# Natural Balance - Why do you feed it?



## LJSquishy (Feb 27, 2008)

I'm wondering why so many of you feed Natural Balance Potato & Duck or the Sweet Potato & Venison food if it only has a 4-Star rating on www.dogfoodanalysis.com , versus feeding a higher rated food.

I know some of your dogs have allergies, which I can then understand, but for those of you who have dogs w/out allergies, why feed it?

London is currently on Solid Gold Hundchen Flocken Puppy (lamb) and overall she does fine on this, but sometimes her stools aren't as firm as I think they should be, which makes me think I should experiment with a new food.

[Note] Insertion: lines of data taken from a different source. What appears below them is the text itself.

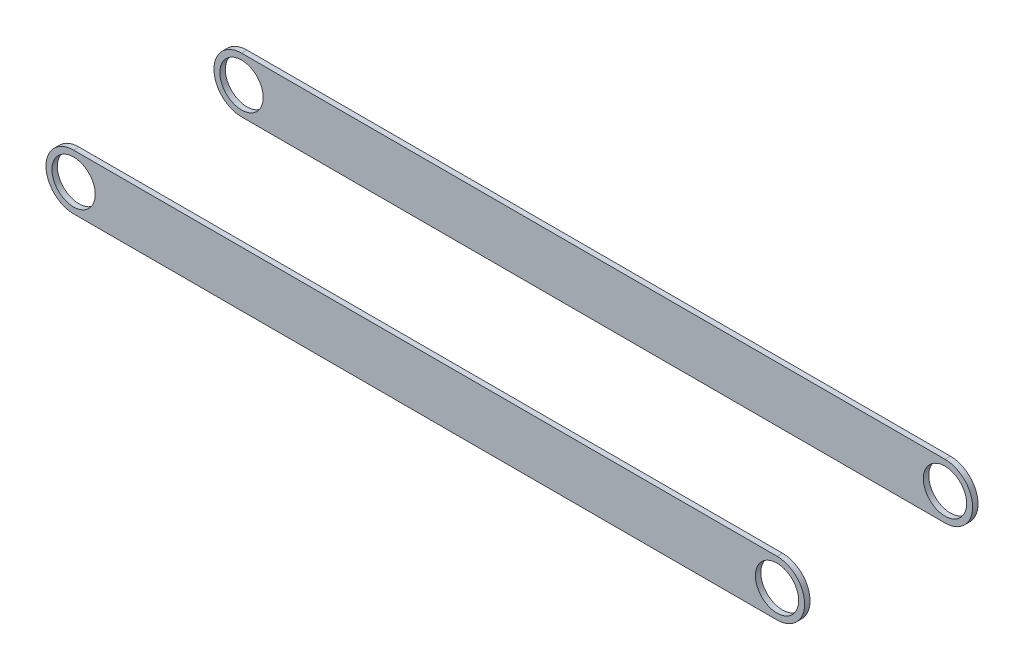
ISO-10303-21;
HEADER;
FILE_DESCRIPTION(('STEP AP214'),'2;1');
FILE_NAME('part.step','',(''),(''),'','','');
FILE_SCHEMA(('AUTOMOTIVE_DESIGN { 1 0 10303 214 1 1 1 1 }'));
ENDSEC;
DATA;
#1=APPLICATION_CONTEXT('core data for automotive mechanical design processes');
#2=APPLICATION_PROTOCOL_DEFINITION('international standard','automotive_design',2000,#1);
#3=PRODUCT_CONTEXT('',#1,'mechanical');
#4=PRODUCT('Part','Part','',(#3));
#5=PRODUCT_RELATED_PRODUCT_CATEGORY('part','',(#4));
#6=PRODUCT_DEFINITION_FORMATION('','',#4);
#7=PRODUCT_DEFINITION_CONTEXT('part definition',#1,'design');
#8=PRODUCT_DEFINITION('design','',#6,#7);
#9=PRODUCT_DEFINITION_SHAPE('','',#8);
#10=(LENGTH_UNIT() NAMED_UNIT(*) SI_UNIT(.MILLI.,.METRE.));
#11=(NAMED_UNIT(*) PLANE_ANGLE_UNIT() SI_UNIT($,.RADIAN.));
#12=(NAMED_UNIT(*) SI_UNIT($,.STERADIAN.) SOLID_ANGLE_UNIT());
#13=UNCERTAINTY_MEASURE_WITH_UNIT(LENGTH_MEASURE(1.E-05),#10,'distance_accuracy_value','');
#14=(GEOMETRIC_REPRESENTATION_CONTEXT(3) GLOBAL_UNCERTAINTY_ASSIGNED_CONTEXT((#13)) GLOBAL_UNIT_ASSIGNED_CONTEXT((#10,
#11,#12)) REPRESENTATION_CONTEXT('',''));
#15=CARTESIAN_POINT('',(0.,0.,0.));
#16=DIRECTION('',(0.,0.,1.));
#17=DIRECTION('',(1.,0.,0.));
#18=AXIS2_PLACEMENT_3D('',#15,#16,#17);
#19=CARTESIAN_POINT('',(7.24644703217118E-13,51.,465.2));
#20=DIRECTION('',(0.,-1.,0.));
#21=DIRECTION('',(1.,0.,0.));
#22=AXIS2_PLACEMENT_3D('',#19,#20,#21);
#23=PLANE('',#22);
#24=DIRECTION('',(-1.,0.,0.));
#25=VECTOR('',#24,1.);
#26=CARTESIAN_POINT('',(7.24644703217118E-13,51.,475.2));
#27=LINE('',#26,#25);
#28=CARTESIAN_POINT('',(7.24753593272954E-13,51.,475.2));
#29=VERTEX_POINT('',#28);
#30=CARTESIAN_POINT('',(-1300.,51.0000000000185,475.2));
#31=VERTEX_POINT('',#30);
#32=EDGE_CURVE('E131',#29,#31,#27,.T.);
#33=ORIENTED_EDGE('',*,*,#32,.F.);
#34=DIRECTION('',(0.,0.,1.));
#35=VECTOR('',#34,1.);
#36=CARTESIAN_POINT('',(7.24753593272954E-13,51.,465.2));
#37=LINE('',#36,#35);
#38=CARTESIAN_POINT('',(7.24753593272954E-13,51.,465.2));
#39=VERTEX_POINT('',#38);
#40=EDGE_CURVE('E124',#39,#29,#37,.T.);
#41=ORIENTED_EDGE('',*,*,#40,.F.);
#42=DIRECTION('',(-1.,0.,0.));
#43=VECTOR('',#42,1.);
#44=CARTESIAN_POINT('',(7.24644703217118E-13,51.,465.2));
#45=LINE('',#44,#43);
#46=CARTESIAN_POINT('',(-1300.,51.0000000000185,465.2));
#47=VERTEX_POINT('',#46);
#48=EDGE_CURVE('E117',#39,#47,#45,.T.);
#49=ORIENTED_EDGE('',*,*,#48,.T.);
#50=DIRECTION('',(0.,0.,1.));
#51=VECTOR('',#50,1.);
#52=CARTESIAN_POINT('',(-1300.,51.0000000000185,465.2));
#53=LINE('',#52,#51);
#54=EDGE_CURVE('E12',#47,#31,#53,.T.);
#55=ORIENTED_EDGE('',*,*,#54,.T.);
#56=EDGE_LOOP('',(#33,#41,#49,#55));
#57=FACE_BOUND('',#56,.T.);
#58=ADVANCED_FACE('F59',(#57),#23,.F.);
#59=CARTESIAN_POINT('',(-1300.,1.84741111297626E-11,465.2));
#60=DIRECTION('',(0.,0.,1.));
#61=DIRECTION('',(-1.,0.,0.));
#62=AXIS2_PLACEMENT_3D('',#59,#60,#61);
#63=CYLINDRICAL_SURFACE('',#62,51.);
#64=CARTESIAN_POINT('',(-1300.,1.84741111297626E-11,475.2));
#65=DIRECTION('',(0.,0.,1.));
#66=DIRECTION('',(1.,0.,0.));
#67=AXIS2_PLACEMENT_3D('',#64,#65,#66);
#68=CIRCLE('',#67,51.);
#69=CARTESIAN_POINT('',(-1300.,-50.9999999999815,475.2));
#70=VERTEX_POINT('',#69);
#71=EDGE_CURVE('E133',#31,#70,#68,.T.);
#72=ORIENTED_EDGE('',*,*,#71,.F.);
#73=ORIENTED_EDGE('',*,*,#54,.F.);
#74=CARTESIAN_POINT('',(-1300.,1.84741111297626E-11,465.2));
#75=DIRECTION('',(0.,0.,1.));
#76=DIRECTION('',(1.,0.,0.));
#77=AXIS2_PLACEMENT_3D('',#74,#75,#76);
#78=CIRCLE('',#77,51.);
#79=CARTESIAN_POINT('',(-1300.,-50.9999999999815,465.2));
#80=VERTEX_POINT('',#79);
#81=EDGE_CURVE('E101',#47,#80,#78,.T.);
#82=ORIENTED_EDGE('',*,*,#81,.T.);
#83=DIRECTION('',(0.,0.,1.));
#84=VECTOR('',#83,1.);
#85=CARTESIAN_POINT('',(-1300.,-50.9999999999815,465.2));
#86=LINE('',#85,#84);
#87=EDGE_CURVE('E68',#80,#70,#86,.T.);
#88=ORIENTED_EDGE('',*,*,#87,.T.);
#89=EDGE_LOOP('',(#72,#73,#82,#88));
#90=FACE_BOUND('',#89,.T.);
#91=ADVANCED_FACE('F115',(#90),#63,.T.);
#92=CARTESIAN_POINT('',(-7.24644703217118E-13,-51.,465.2));
#93=DIRECTION('',(0.,-1.,0.));
#94=DIRECTION('',(1.,0.,0.));
#95=AXIS2_PLACEMENT_3D('',#92,#93,#94);
#96=PLANE('',#95);
#97=DIRECTION('',(-1.,0.,0.));
#98=VECTOR('',#97,1.);
#99=CARTESIAN_POINT('',(-7.24644703217118E-13,-51.,475.2));
#100=LINE('',#99,#98);
#101=CARTESIAN_POINT('',(-7.24753593272954E-13,-51.,475.2));
#102=VERTEX_POINT('',#101);
#103=EDGE_CURVE('E111',#102,#70,#100,.T.);
#104=ORIENTED_EDGE('',*,*,#103,.T.);
#105=ORIENTED_EDGE('',*,*,#87,.F.);
#106=DIRECTION('',(-1.,0.,0.));
#107=VECTOR('',#106,1.);
#108=CARTESIAN_POINT('',(-7.24644703217118E-13,-51.,465.2));
#109=LINE('',#108,#107);
#110=CARTESIAN_POINT('',(-7.24753593272954E-13,-51.,465.2));
#111=VERTEX_POINT('',#110);
#112=EDGE_CURVE('E104',#111,#80,#109,.T.);
#113=ORIENTED_EDGE('',*,*,#112,.F.);
#114=DIRECTION('',(0.,0.,1.));
#115=VECTOR('',#114,1.);
#116=CARTESIAN_POINT('',(-7.24753593272954E-13,-51.,465.2));
#117=LINE('',#116,#115);
#118=EDGE_CURVE('E114',#111,#102,#117,.T.);
#119=ORIENTED_EDGE('',*,*,#118,.T.);
#120=EDGE_LOOP('',(#104,#105,#113,#119));
#121=FACE_BOUND('',#120,.T.);
#122=ADVANCED_FACE('F110',(#121),#96,.T.);
#123=CARTESIAN_POINT('',(0.,0.,465.2));
#124=DIRECTION('',(0.,0.,1.));
#125=DIRECTION('',(-1.,0.,0.));
#126=AXIS2_PLACEMENT_3D('',#123,#124,#125);
#127=CYLINDRICAL_SURFACE('',#126,40.);
#128=CARTESIAN_POINT('',(0.,0.,465.2));
#129=DIRECTION('',(0.,0.,1.));
#130=DIRECTION('',(1.,0.,0.));
#131=AXIS2_PLACEMENT_3D('',#128,#129,#130);
#132=CIRCLE('',#131,40.);
#133=CARTESIAN_POINT('',(40.,0.,465.2));
#134=VERTEX_POINT('',#133);
#135=EDGE_CURVE('E119',#134,#134,#132,.T.);
#136=ORIENTED_EDGE('',*,*,#135,.F.);
#137=EDGE_LOOP('',(#136));
#138=FACE_BOUND('',#137,.T.);
#139=CARTESIAN_POINT('',(0.,0.,475.2));
#140=DIRECTION('',(0.,0.,1.));
#141=DIRECTION('',(1.,0.,0.));
#142=AXIS2_PLACEMENT_3D('',#139,#140,#141);
#143=CIRCLE('',#142,40.);
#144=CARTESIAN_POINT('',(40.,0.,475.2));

Also, is it bad to feed Lamb, Venison, Fish, or Duck if they don't have allergies...I only wonder this because if they were to develop allergies, there would be less choices to switch to.

I am starting to LOVE Petco now, because they are really starting to carry many of the 4-6 star rated foods, and even have some nice shampoos/conditioners now!


----------



## LJSquishy (Feb 27, 2008)

EDIT: She also has horrible, stinky farts... :shocked: :yucky: :faint:


----------



## Missy&Maggie (Jun 17, 2007)

I feed Natural Balance Potato and Duck for Abbie because that is what her breeders uses and recommends. Abbie is doing awesome on it, so why change.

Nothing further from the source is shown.